* **PROBLEM TO SOLVE**
Retype, exactly and only, each line from the one containing "C4: 4,7u; CP_Elec_4x5.3" to the end of the records below.

Stored items from a collection:
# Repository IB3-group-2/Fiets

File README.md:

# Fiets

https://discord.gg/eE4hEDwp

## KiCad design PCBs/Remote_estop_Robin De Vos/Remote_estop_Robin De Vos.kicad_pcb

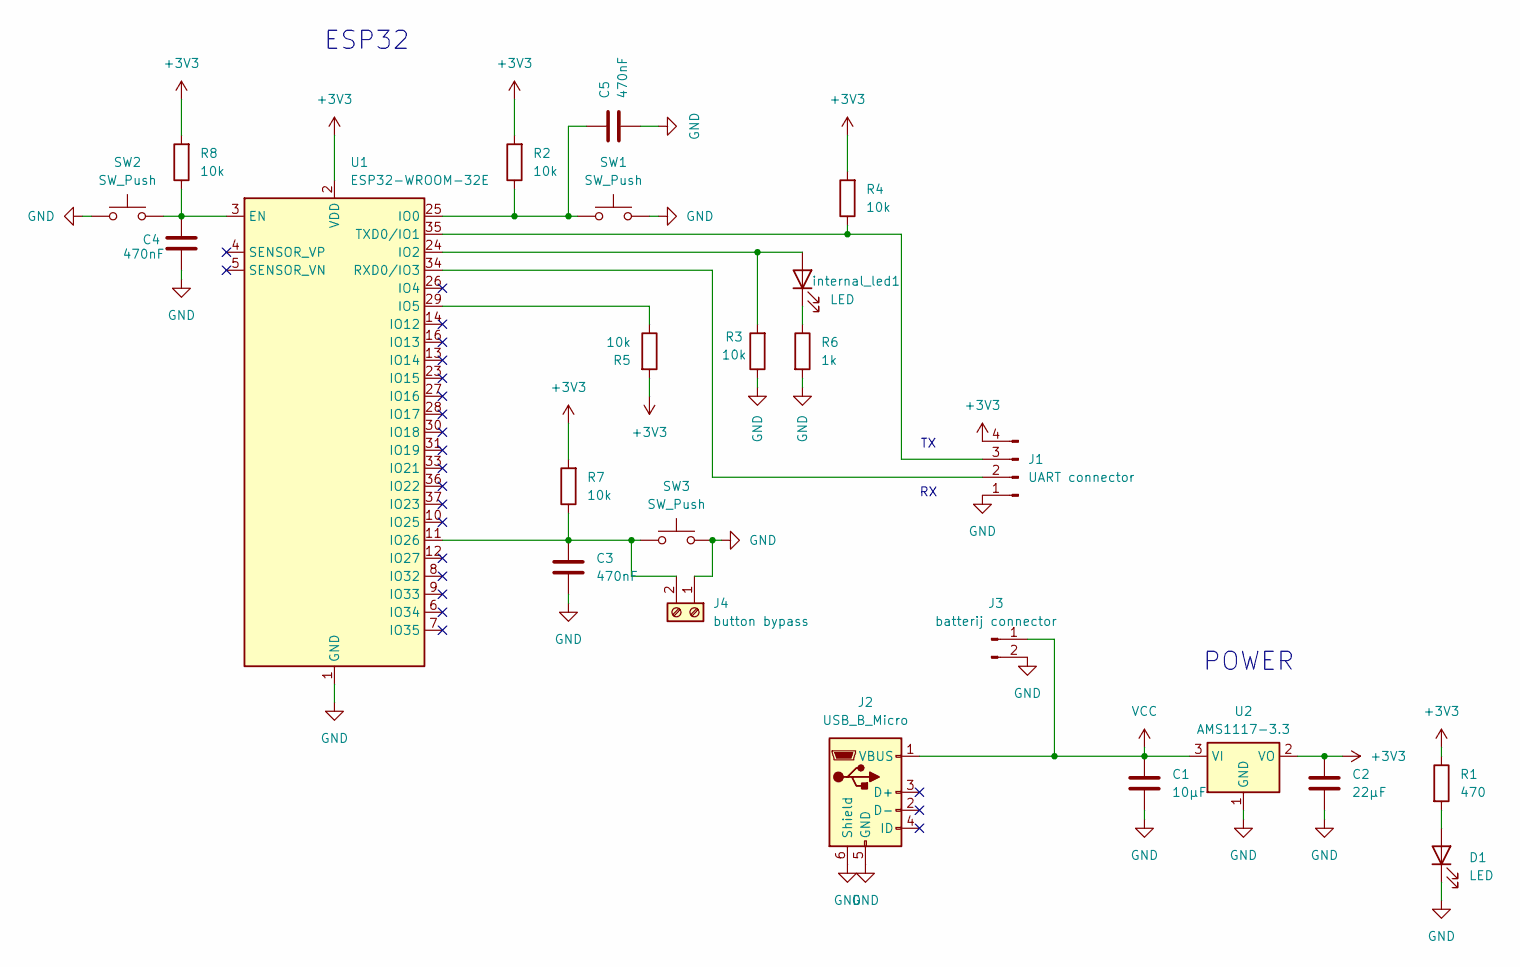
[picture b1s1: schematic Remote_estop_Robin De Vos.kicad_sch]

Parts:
C1: 10µF; C_0805_2012Metric_Pad1.18x1.45mm_HandSolder
C2: 22µF; C_0805_2012Metric_Pad1.18x1.45mm_HandSolder
C3, C4, C5: 470nF; C_0805_2012Metric_Pad1.18x1.45mm_HandSolder
D1: LED; LED_0805_2012Metric_Pad1.15x1.40mm_HandSolder
J1: UART connector; PinHeader_1x04_P2.54mm_Vertical
J2: USB_B_Micro; USB_Micro-B_Molex-105017-0001
J3: batterij connector; PinHeader_1x02_P2.54mm_Vertical
J4: button bypass; TerminalBlock_MaiXu_MX126-5.0-02P_1x02_P5.00mm
R1: 470; R_0805_2012Metric_Pad1.20x1.40mm_HandSolder
R2, R3, R4, R5, R7, R8: 10k; R_0805_2012Metric_Pad1.20x1.40mm_HandSolder
R6: 1k; R_0805_2012Metric_Pad1.20x1.40mm_HandSolder
SW1, SW2, SW3: SW_Push; 434111043826
U1: ESP32-WROOM-32E; ESP32-WROOM-32D
U2: AMS1117-3.3; SOT-223-3_TabPin2
internal_led1: LED; LED_0805_2012Metric_Pad1.15x1.40mm_HandSolder

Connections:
+3V3: C2.1, J1.4, R1.1, R2.2, R4.2, R5.2, R7.2, R8.2, U1.2 (VDD), U2.2 (VO)
GND: C1.2, C2.2, C3.2, C4.2, C5.2, D1.1 (K), J1.1, J2.5 (GND), J2.6 (Shield), J3.2, J4.1, R3.1, R6.2, SW1.2, SW2.1, SW3.2, U1.1 (GND), U1.15 (GND), U1.38 (GND), U1.39 (GND), U2.1 (GND)
unnamed: D1.2 (A), R1.2
unnamed: J1.2, U1.34 (RXD0/IO3)
unnamed: J1.3, R4.1, U1.35 (TXD0/IO1)
unnamed: C3.1, J4.2, R7.1, SW3.1, U1.11 (IO26)
unnamed: C4.1, R8.1, SW2.2, U1.3 (EN)
unnamed: C5.1, R2.1, SW1.1, U1.25 (IO0)
unnamed 8: R3.2, U1.24 (IO2), internal_led1.2 (A); also elsewhere on the board
unnamed: R5.1, U1.29 (IO5)
unnamed 10: R6.1, internal_led1.1 (K); also elsewhere on the board
VCC: C1.1, J2.1 (VBUS), J3.1, U2.3 (VI)

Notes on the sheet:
POWER
ESP32

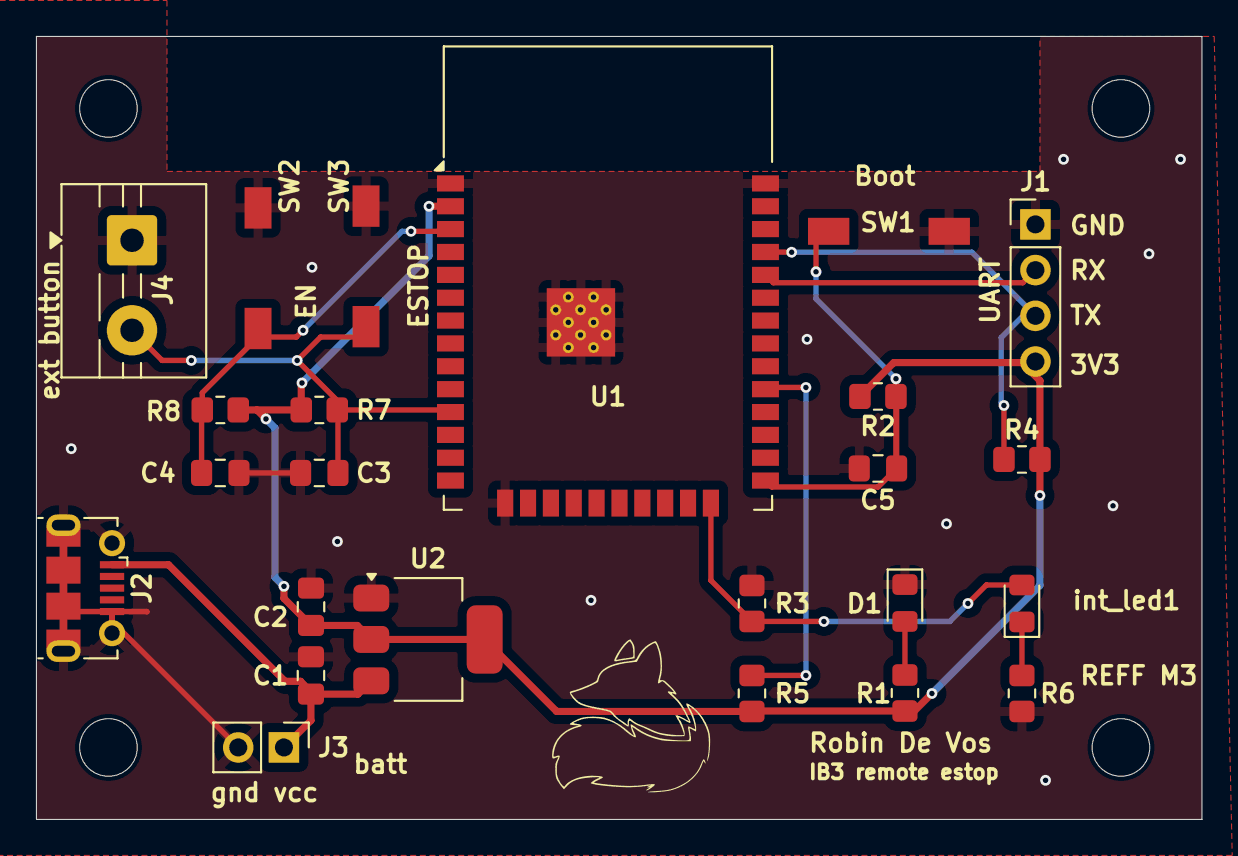
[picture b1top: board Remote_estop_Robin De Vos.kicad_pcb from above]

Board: 2 copper layers, 64.8 x 43.5 mm, 25 parts (0 on the bottom side), 12 nets.

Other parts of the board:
REFF M3: MountingHole_3.2mm_M3
int_led1: LED; LED_0805_2012Metric_Pad1.15x1.40mm_HandSolder

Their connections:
unnamed 8: int_led1.2 (A); also elsewhere on the board
unnamed 10: int_led1.1 (K); also elsewhere on the board

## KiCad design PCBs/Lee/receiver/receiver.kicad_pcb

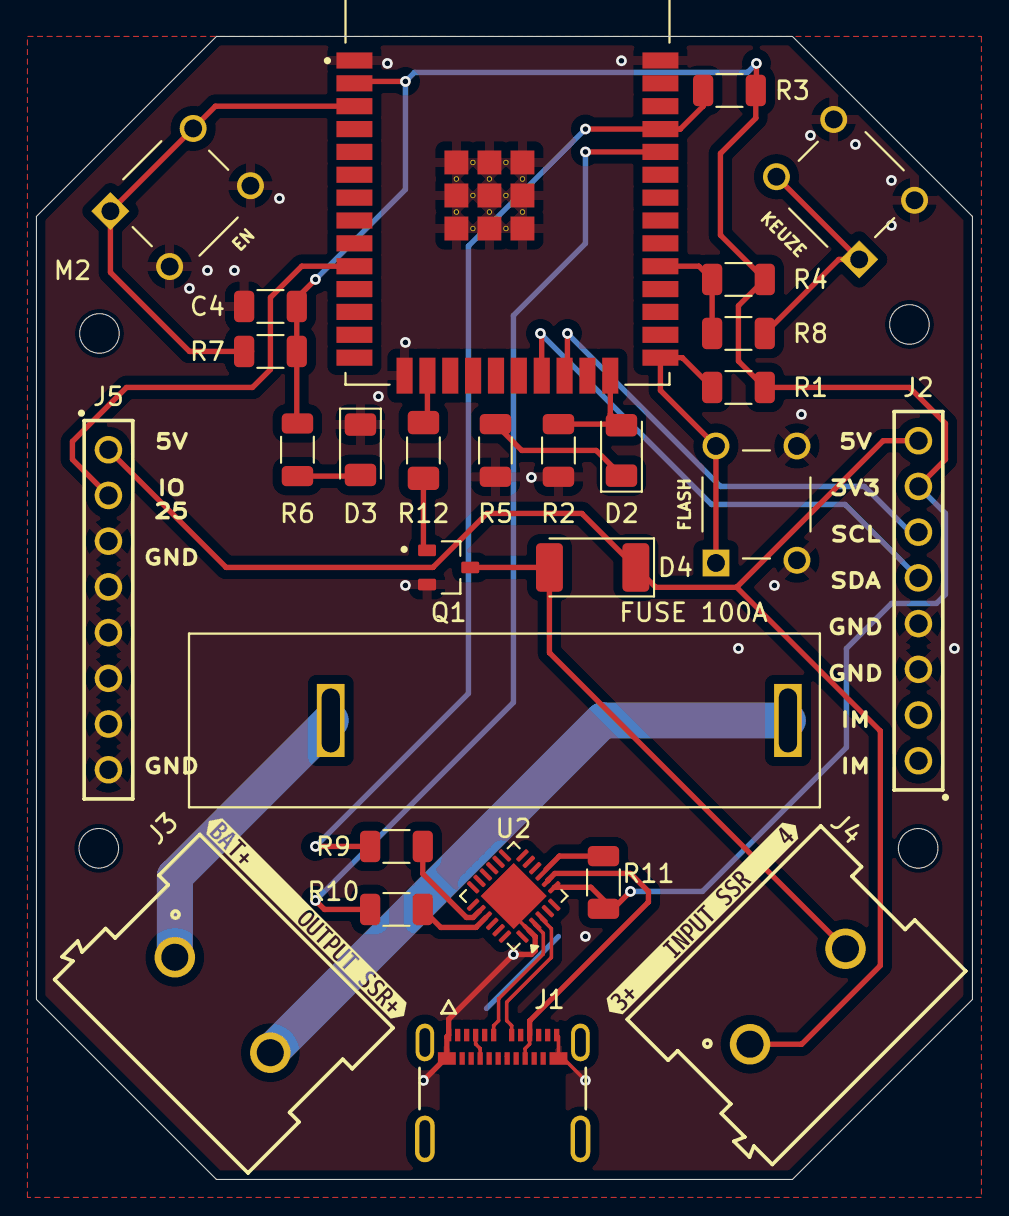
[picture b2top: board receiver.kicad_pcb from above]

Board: 2 copper layers, 52.0 x 63.5 mm, 34 parts (0 on the bottom side), 27 nets.

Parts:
C4: 100uF/6.3V; R_1206_3216Metric
D2: BLUE; LED_1206_3216Metric
D3: RED; LED_1206_3216Metric
D4: SM4007; D_MELF
EN: 3-1825910-1; TE_3-1825910-1
FLASH: 3-1825910-1; TE_3-1825910-1
FUSE 100A: Fuseholder; FUSE_3526
H2, H3, H4: MountingHole; MountingHole_2.2mm_M2
J1: 1054500101 USB-C; MOLEX_1054500101
J2: Ingangspinnen; 61300811821
J3: J3; 691253910002
J4: INPUT SSR; 691253910002
J5: motorcontroller; 61300811821
KEUZE: 3-1825910-1; TE_3-1825910-1
M2: MountingHole; MountingHole_2.2mm_M2
Q1: BC847A; TRANS_BC847A
R1, R2, R3, R4: 10k; R_1206_3216Metric
R5, R6, R9, R10: 1k; R_1206_3216Metric
R7: 10K; R_1206_3216Metric
R8: 200; R_1206_3216Metric
R11: 4.7k; R_1206_3216Metric
R12: 1k; R_1206_3216Metric_Pad1.30x1.75mm_HandSolder
U1: ESP32-WROOM-32; MODULE_ESP32-WROOM-32
U2: CP2102N; QFN-24-1EP_4x4mm_P0.5mm_EP2.6x2.6mm
kibuzzard-69131E5B: G***; kibuzzard-69131E5B
kibuzzard-69131EBA: G***; kibuzzard-69131EBA

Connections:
5V: D4.1 (K), J2.8, J4.1, J5.1
/BAT +: FUSE 100A.1, J3.1
/INPUT SSR 4: D4.2 (A), J4.2, Q1.3
/OUTPUT SSR +: FUSE 100A.2, J3.2
D+: J1.A6 (D1+), U2.3 (D+)
D-: J1.A7 (D1-), U2.4 (D-)
EN: EN.1, EN.2, R7.2, U1.3 (EN)
GND: C4.2, D3.1 (K), EN.3, EN.4, FLASH.3, FLASH.4, J1.A1 (GND_A1), J1.A12 (GND_A12), J1.B1 (GND_B1), J1.B12 (GND_B12), J2.3, J2.4, J5.3, J5.4, J5.5, J5.6, J5.7, J5.8, KEUZE.3, KEUZE.4, Q1.2, R2.1, R5.2, U1.1 (GND), U1.15 (GND), U1.38 (GND), U1.39_1 (GND), U1.39_2 (GND), U1.39_3 (GND), U1.39_4 (GND), U1.39_5 (GND), U1.39_6 (GND), U1.39_7 (GND), U1.39_8 (GND), U1.39_9 (GND), U1.39_10 (GND), U1.39_11 (GND), U1.39_12 (GND), U1.39_13 (GND), U1.39_14 (GND), U1.39_15 (GND), U1.39_16 (GND), U1.39_17 (GND), U1.39_18 (GND), U1.39_19 (GND), U1.39_20 (GND), U1.39_21 (GND), U2.2 (GND), U2.25 (GND)
GPIO0: FLASH.1, FLASH.2, R1.2, U1.25 (IO0)
GPIO2: D2.2 (A), R2.2, U1.24 (IO2)
GPIO5: R4.2, R8.1, U1.29 (IO5)
GPIO13: R12.1, U1.16 (IO13)
GPIO25: J5.2, U1.10 (IO25)
Imeasure: J2.1, J2.2
unnamed: D2.1 (K), R5.1
unnamed: D3.2 (A), R6.2
unnamed: KEUZE.1, KEUZE.2, R8.2
unnamed: Q1.1, R12.2
unnamed: R9.1, U2.20 (RXD)
unnamed: R10.1, U2.21 (TXD)
unnamed: R11.2, U2.9 (~RST)
RX0: R10.2, U1.34 (RXD0)
SCL: J2.6, U1.22 (SDI/SD1)
SDA: J2.5, U1.21 (SDO/SD0)
TX0: R3.2, R9.2, U1.35 (TXD0)
VCCUSB: J1.A4 (VBUS_A4), J1.A9 (VBUS_A9), J1.B4 (VBUS_B4), J1.B9 (VBUS_B9), U2.8 (VBUS)
VDD3V3: C4.1, J2.7, R1.1, R3.1, R4.1, R6.1, R7.1, R11.1, U1.2 (3V3), U2.6 (VDD), U2.7 (VREGIN)

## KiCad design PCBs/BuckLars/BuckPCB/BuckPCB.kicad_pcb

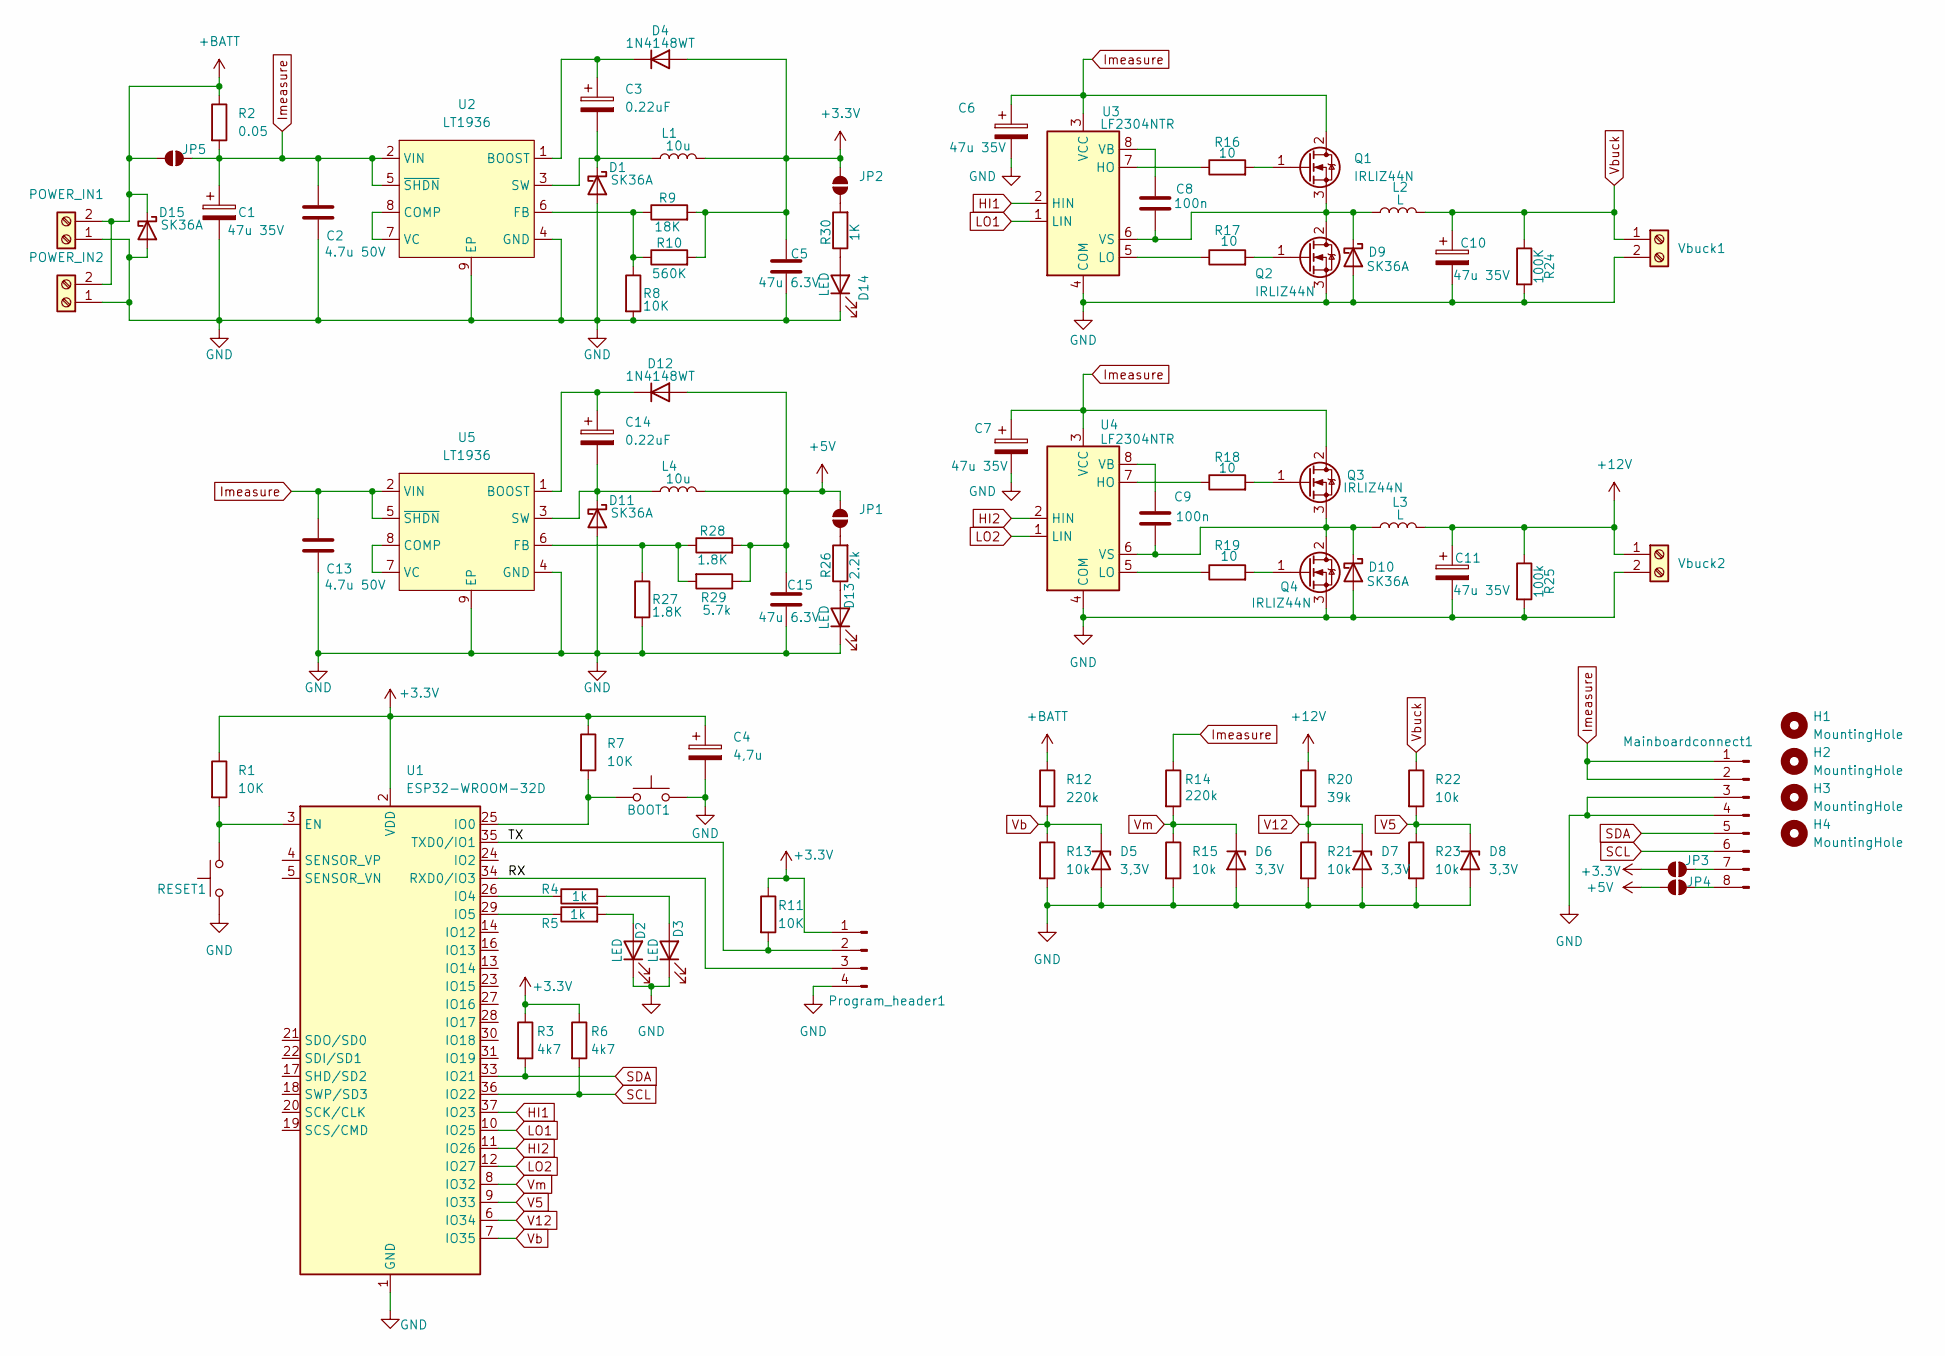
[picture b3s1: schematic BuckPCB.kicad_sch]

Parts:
BOOT1: BOOT; SW_Tactile_SPST_NO_Straight_CK_PTS636Sx25SMTRLFS
C1, C6, C7, C10, C11: 47u 35V; CP_Elec_6.3x5.7
C2, C13: 4.7u 50V; D_1206_3216Metric_Pad1.42x1.75mm_HandSolder
C3, C14: 0.22uF; C_1206_3216Metric_Pad1.33x1.80mm_HandSolder
C4: 4,7u; CP_Elec_4x5.3
C5, C15: 47u 6.3V; D_1206_3216Metric_Pad1.42x1.75mm_HandSolder
C8, C9: 100n; C_1206_3216Metric_Pad1.33x1.80mm_HandSolder
D1, D9, D10, D11, D15: SK36A; D_SMC-RM10_Universal_Handsoldering
D2, D3, D13, D14: LED; LED_0805_2012Metric
D4, D12: 1N4148WT; D_SOD-523
D5, D6, D7, D8: 3,3V; D_1206_3216Metric
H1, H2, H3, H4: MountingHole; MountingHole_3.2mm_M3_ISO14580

* **RESPONSE**
C4: 4,7u; CP_Elec_4x5.3
C5, C15: 47u 6.3V; D_1206_3216Metric_Pad1.42x1.75mm_HandSolder
C8, C9: 100n; C_1206_3216Metric_Pad1.33x1.80mm_HandSolder
D1, D9, D10, D11, D15: SK36A; D_SMC-RM10_Universal_Handsoldering
D2, D3, D13, D14: LED; LED_0805_2012Metric
D4, D12: 1N4148WT; D_SOD-523
D5, D6, D7, D8: 3,3V; D_1206_3216Metric
H1, H2, H3, H4: MountingHole; MountingHole_3.2mm_M3_ISO14580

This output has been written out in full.